The petition urges the Australian Govern-ment to call on the Sri Lankan Government to allow aid agencies, journalists, diplomats and human rights organisations better access to the camps.

It also calls for action to speed up the release of Tamils from the camps, to initiate an independent investigation of possible human rights violations during the military battle between Government forces and Tamil Tigers earlier this year, and to establish a process which promotes reconciliation by addressing the grievances of Tamils.

CJPC executive officer Peter Arndt said it was important that the situation for Tamils in the camps was not ignored.

“We are very concerned that the Government is not making action to help the Tamils in the camps an urgent priority because there is no public uproar about their plight,” Mr Arndt said.

“It is three months since the bloody conflict ended in Sri Lanka and there is no evidence that anyone has been released.

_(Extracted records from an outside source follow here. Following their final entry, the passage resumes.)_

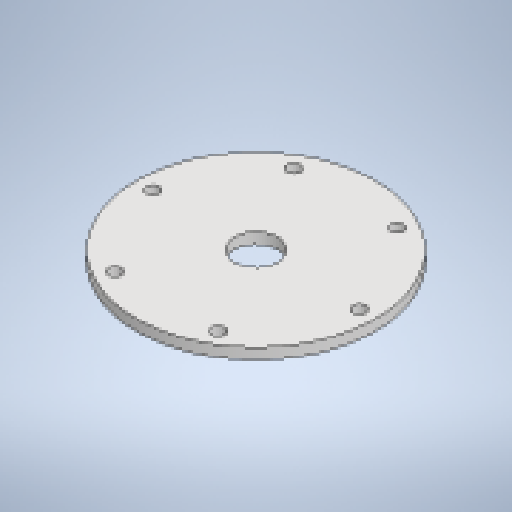
# Autodesk Inventor part: NVPH-343 cup head flange
Saved by Autodesk Inventor 2025 (Build 290162010, 162A)
## iProperties
Created: 2024-12-03
Part Number: NVPH-343 cup head flange
Material: Generic
Document SubType Name: Sheet Metal
Designer: user
Density: 1 g/cm^3
Flat Pattern Width: 22 cm
Flat Pattern Length: 22 cm
Flat Pattern Area: 484 cm^2
Sheet Metal Rule: Default_mm
Sheet Metal Width: 220,000 mm
Sheet Metal Length: 220,000 mm
Sheet Metal Area: 48400,000 mm^2
Appearance: Default
Mass: 294.807 g
Surface Area: 687.632 cm^2
Volume: 294.807 cm^3
Author: user
Autodesk Inventor part; units mm, degrees
ref_plane "YZ Plane" through (0, 0, 0) normal (1, 0, 0) x (0, 1, 0)
ref_plane "XZ Plane" through (0, 0, 0) normal (0, 1, 0) x (-1, 0, 0)
ref_plane "XY Plane" through (0, 0, 0) normal (0, 0, 1) x (1, 0, 0)
sketch "Sketch1" plane through (0, 0, 0) normal (0, 0, 1) x (1, 0, 0)
  circle A0 centre (0, 0) radius 20
  circle A1 centre (0, 0) radius 110
  dimension "d0" = 40
  dimension "d1" = 220
  constraints: 2 centre point, 2 coincident
  measures "d0" diameter of A0
  measures "d1" diameter of A1
extrude "Extrusion1" add sketch "Sketch1" against normal blind 10
sketch "Sketch3" plane through (0, 0, 0) normal (0, 0, 1) x (1, 0, 0)
  circle A0 centre (95, 0) radius 6
  circle A1 centre (0, 0) radius 95 construction
  circle A2 centre (0, 0) radius 110 projected
  dimension "d5" = 12
  dimension "d12" = 15
  constraints: 2 horizontal alignment, 1 centre point, 1 coincident, 2 other
  measures "d5" diameter of A0
extrude "Cut1" cut sketch "Sketch3" against normal blind 10 contours A0
pattern_circular "Circular Pattern1" count 6 over 360 about axis through (0, 0, 0) along (0, 0, -1) of "Cut1"
equation "\"d7\" = Thickness"
equation "\"BendReliefDepth\" = 0.5 * Thickness"
equation "\"Thickness\" = 10"
body "Solid1"
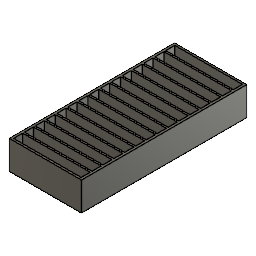
GBA Stand v4 (Autodesk Fusion 360 design; units mm, degrees)
Autodesk Fusion 360 part; units mm, degrees
sketch "Sketch1" plane through (0, 0, 0) normal (0, 1, 0) x (1, 0, 0)
  line L0 (2.75, 1.25) -> (2.75, 0)
  line L1 (2.75, 1.25) -> (54.15, 1.25)
  line L2 (54.15, 1.25) -> (54.15, 5.25)
  line L3 (54.15, 5.25) -> (2.75, 5.25)
  line L4 (2.75, 5.25) -> (2.75, 1.25)
  line L5 (0, 0) -> (56.9, 0)
  line L6 (56.9, 0) -> (56.9, 7.3)
  line L7 (56.9, 7.3) -> (0, 7.3)
  line L8 (0, 7.3) -> (0, 0)
  line L9 (-2, -2) -> (58.9, -2)
  line L10 (58.9, -2) -> (58.9, 9.3)
  line L11 (58.9, 9.3) -> (-2, 9.3)
  line L12 (-2, 9.3) -> (-2, -2)
  line L13 (58.9, -2) -> (58.9, 9.3)
  line L14 (58.9, 9.3) -> (-2, 9.3)
  line L15 (-2, 9.3) -> (-2, -2)
  line L16 (-2, -2) -> (58.9, -2)
  line L17 (2.75, 1.25) -> (54.15, 1.25)
  line L18 (2.75, 1.25) -> (2.75, 0)
  line L19 (54.15, 1.25) -> (54.15, 5.25)
  line L20 (54.15, 5.25) -> (2.75, 5.25)
  line L21 (2.75, 5.25) -> (2.75, 1.25)
  line L22 (0, 0) -> (56.9, 0)
  line L23 (56.9, 0) -> (56.9, 7.3)
  line L24 (0, 7.3) -> (0, 0)
  line L25 (56.9, 7.3) -> (0, 7.3)
  line L26 (58.9, 7.3) -> (58.9, 18.6)
  line L27 (58.9, 18.6) -> (-2, 18.6)
  line L28 (-2, 18.6) -> (-2, 7.3)
  line L29 (-2, 7.3) -> (58.9, 7.3)
  line L30 (2.75, 10.55) -> (54.15, 10.55)
  line L31 (2.75, 10.55) -> (2.75, 9.3)
  line L32 (54.15, 10.55) -> (54.15, 14.55)
  line L33 (54.15, 14.55) -> (2.75, 14.55)
  line L34 (2.75, 14.55) -> (2.75, 10.55)
  line L35 (0, 9.3) -> (56.9, 9.3)
  line L36 (56.9, 9.3) -> (56.9, 16.6)
  line L37 (0, 16.6) -> (0, 9.3)
  line L38 (56.9, 16.6) -> (0, 16.6)
  line L39 (58.9, 16.6) -> (58.9, 27.9)
  line L40 (58.9, 27.9) -> (-2, 27.9)
  line L41 (-2, 27.9) -> (-2, 16.6)
  line L42 (-2, 16.6) -> (58.9, 16.6)
  line L43 (2.75, 19.85) -> (54.15, 19.85)
  line L44 (2.75, 19.85) -> (2.75, 18.6)
  line L45 (54.15, 19.85) -> (54.15, 23.85)
  line L46 (54.15, 23.85) -> (2.75, 23.85)
  line L47 (2.75, 23.85) -> (2.75, 19.85)
  line L48 (0, 18.6) -> (56.9, 18.6)
  line L49 (56.9, 18.6) -> (56.9, 25.9)
  line L50 (0, 25.9) -> (0, 18.6)
  line L51 (56.9, 25.9) -> (0, 25.9)
  line L52 (58.9, 25.9) -> (58.9, 37.2)
  line L53 (58.9, 37.2) -> (-2, 37.2)
  line L54 (-2, 37.2) -> (-2, 25.9)
  line L55 (-2, 25.9) -> (58.9, 25.9)
  line L56 (2.75, 29.15) -> (54.15, 29.15)
  line L57 (2.75, 29.15) -> (2.75, 27.9)
  line L58 (54.15, 29.15) -> (54.15, 33.15)
  line L59 (54.15, 33.15) -> (2.75, 33.15)
  line L60 (2.75, 33.15) -> (2.75, 29.15)
  line L61 (0, 27.9) -> (56.9, 27.9)
  line L62 (56.9, 27.9) -> (56.9, 35.2)
  line L63 (0, 35.2) -> (0, 27.9)
  line L64 (56.9, 35.2) -> (0, 35.2)
  line L65 (58.9, 35.2) -> (58.9, 46.5)
  line L66 (58.9, 46.5) -> (-2, 46.5)
  line L67 (-2, 46.5) -> (-2, 35.2)
  line L68 (-2, 35.2) -> (58.9, 35.2)
  line L69 (2.75, 38.45) -> (54.15, 38.45)
  line L70 (2.75, 38.45) -> (2.75, 37.2)
  line L71 (54.15, 38.45) -> (54.15, 42.45)
  line L72 (54.15, 42.45) -> (2.75, 42.45)
  line L73 (2.75, 42.45) -> (2.75, 38.45)
  line L74 (0, 37.2) -> (56.9, 37.2)
  line L75 (56.9, 37.2) -> (56.9, 44.5)
  line L76 (0, 44.5) -> (0, 37.2)
  line L77 (56.9, 44.5) -> (0, 44.5)
  line L78 (58.9, 44.5) -> (58.9, 55.8)
  line L79 (58.9, 55.8) -> (-2, 55.8)
  line L80 (-2, 55.8) -> (-2, 44.5)
  line L81 (-2, 44.5) -> (58.9, 44.5)
  line L82 (2.75, 47.75) -> (54.15, 47.75)
  line L83 (2.75, 47.75) -> (2.75, 46.5)
  line L84 (54.15, 47.75) -> (54.15, 51.75)
  line L85 (54.15, 51.75) -> (2.75, 51.75)
  line L86 (2.75, 51.75) -> (2.75, 47.75)
  line L87 (0, 46.5) -> (56.9, 46.5)
  line L88 (56.9, 46.5) -> (56.9, 53.8)
  line L89 (0, 53.8) -> (0, 46.5)
  line L90 (56.9, 53.8) -> (0, 53.8)
  line L91 (58.9, 53.8) -> (58.9, 65.1)
  line L92 (58.9, 65.1) -> (-2, 65.1)
  line L93 (-2, 65.1) -> (-2, 53.8)
  line L94 (-2, 53.8) -> (58.9, 53.8)
  line L95 (2.75, 57.05) -> (54.15, 57.05)
  line L96 (2.75, 57.05) -> (2.75, 55.8)
  line L97 (54.15, 57.05) -> (54.15, 61.05)
  line L98 (54.15, 61.05) -> (2.75, 61.05)
  line L99 (2.75, 61.05) -> (2.75, 57.05)
  line L100 (0, 55.8) -> (56.9, 55.8)
  line L101 (56.9, 55.8) -> (56.9, 63.1)
  line L102 (0, 63.1) -> (0, 55.8)
  line L103 (56.9, 63.1) -> (0, 63.1)
  line L104 (58.9, 63.1) -> (58.9, 74.4)
  line L105 (58.9, 74.4) -> (-2, 74.4)
  line L106 (-2, 74.4) -> (-2, 63.1)
  line L107 (-2, 63.1) -> (58.9, 63.1)
  line L108 (2.75, 66.35) -> (54.15, 66.35)
  line L109 (2.75, 66.35) -> (2.75, 65.1)
  line L110 (54.15, 66.35) -> (54.15, 70.35)
  line L111 (54.15, 70.35) -> (2.75, 70.35)
  line L112 (2.75, 70.35) -> (2.75, 66.35)
  line L113 (0, 65.1) -> (56.9, 65.1)
  line L114 (56.9, 65.1) -> (56.9, 72.4)
  line L115 (0, 72.4) -> (0, 65.1)
  line L116 (56.9, 72.4) -> (0, 72.4)
  line L117 (58.9, 72.4) -> (58.9, 83.7)
  line L118 (58.9, 83.7) -> (-2, 83.7)
  line L119 (-2, 83.7) -> (-2, 72.4)
  line L120 (-2, 72.4) -> (58.9, 72.4)
  line L121 (2.75, 75.65) -> (54.15, 75.65)
  line L122 (2.75, 75.65) -> (2.75, 74.4)
  line L123 (54.15, 75.65) -> (54.15, 79.65)
  line L124 (54.15, 79.65) -> (2.75, 79.65)
  line L125 (2.75, 79.65) -> (2.75, 75.65)
  line L126 (0, 74.4) -> (56.9, 74.4)
  line L127 (56.9, 74.4) -> (56.9, 81.7)
  line L128 (0, 81.7) -> (0, 74.4)
  line L129 (56.9, 81.7) -> (0, 81.7)
  line L130 (58.9, 81.7) -> (58.9, 93)
  line L131 (58.9, 93) -> (-2, 93)
  line L132 (-2, 93) -> (-2, 81.7)
  line L133 (-2, 81.7) -> (58.9, 81.7)
  line L134 (2.75, 84.95) -> (54.15, 84.95)
  line L135 (2.75, 84.95) -> (2.75, 83.7)
  line L136 (54.15, 84.95) -> (54.15, 88.95)
  line L137 (54.15, 88.95) -> (2.75, 88.95)
  line L138 (2.75, 88.95) -> (2.75, 84.95)
  line L139 (0, 83.7) -> (56.9, 83.7)
  line L140 (56.9, 83.7) -> (56.9, 91)
  line L141 (0, 91) -> (0, 83.7)
  line L142 (56.9, 91) -> (0, 91)
  line L143 (58.9, 91) -> (58.9, 102.3)
  line L144 (58.9, 102.3) -> (-2, 102.3)
  line L145 (-2, 102.3) -> (-2, 91)
  line L146 (-2, 91) -> (58.9, 91)
  line L147 (2.75, 94.25) -> (54.15, 94.25)
  line L148 (2.75, 94.25) -> (2.75, 93)
  line L149 (54.15, 94.25) -> (54.15, 98.25)
  line L150 (54.15, 98.25) -> (2.75, 98.25)
  line L151 (2.75, 98.25) -> (2.75, 94.25)
  line L152 (0, 93) -> (56.9, 93)
  line L153 (56.9, 93) -> (56.9, 100.3)
  line L154 (0, 100.3) -> (0, 93)
  line L155 (56.9, 100.3) -> (0, 100.3)
  line L156 (58.9, 100.3) -> (58.9, 111.6)
  line L157 (58.9, 111.6) -> (-2, 111.6)
  line L158 (-2, 111.6) -> (-2, 100.3)
  line L159 (-2, 100.3) -> (58.9, 100.3)
  line L160 (2.75, 103.55) -> (54.15, 103.55)
  line L161 (2.75, 103.55) -> (2.75, 102.3)
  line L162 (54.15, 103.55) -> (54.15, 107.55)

“In any case, we have to ask why the Sri Lankan Government is allowed to detain its citizens indefinitely in the way that it has.

“They are not allowed to leave these military-run camps which have dreadful conditions even though many have family and friends to whom they can go.”

Mr Arndt said the commission had received reliable reports of outbreaks of diseases like typhoid, serious over-crowding in many camps, inadequate obstetric care for thousands of pregnant women, over-stretched hospital facilities and children with chronic diseases like asthma not receiving appropriate care.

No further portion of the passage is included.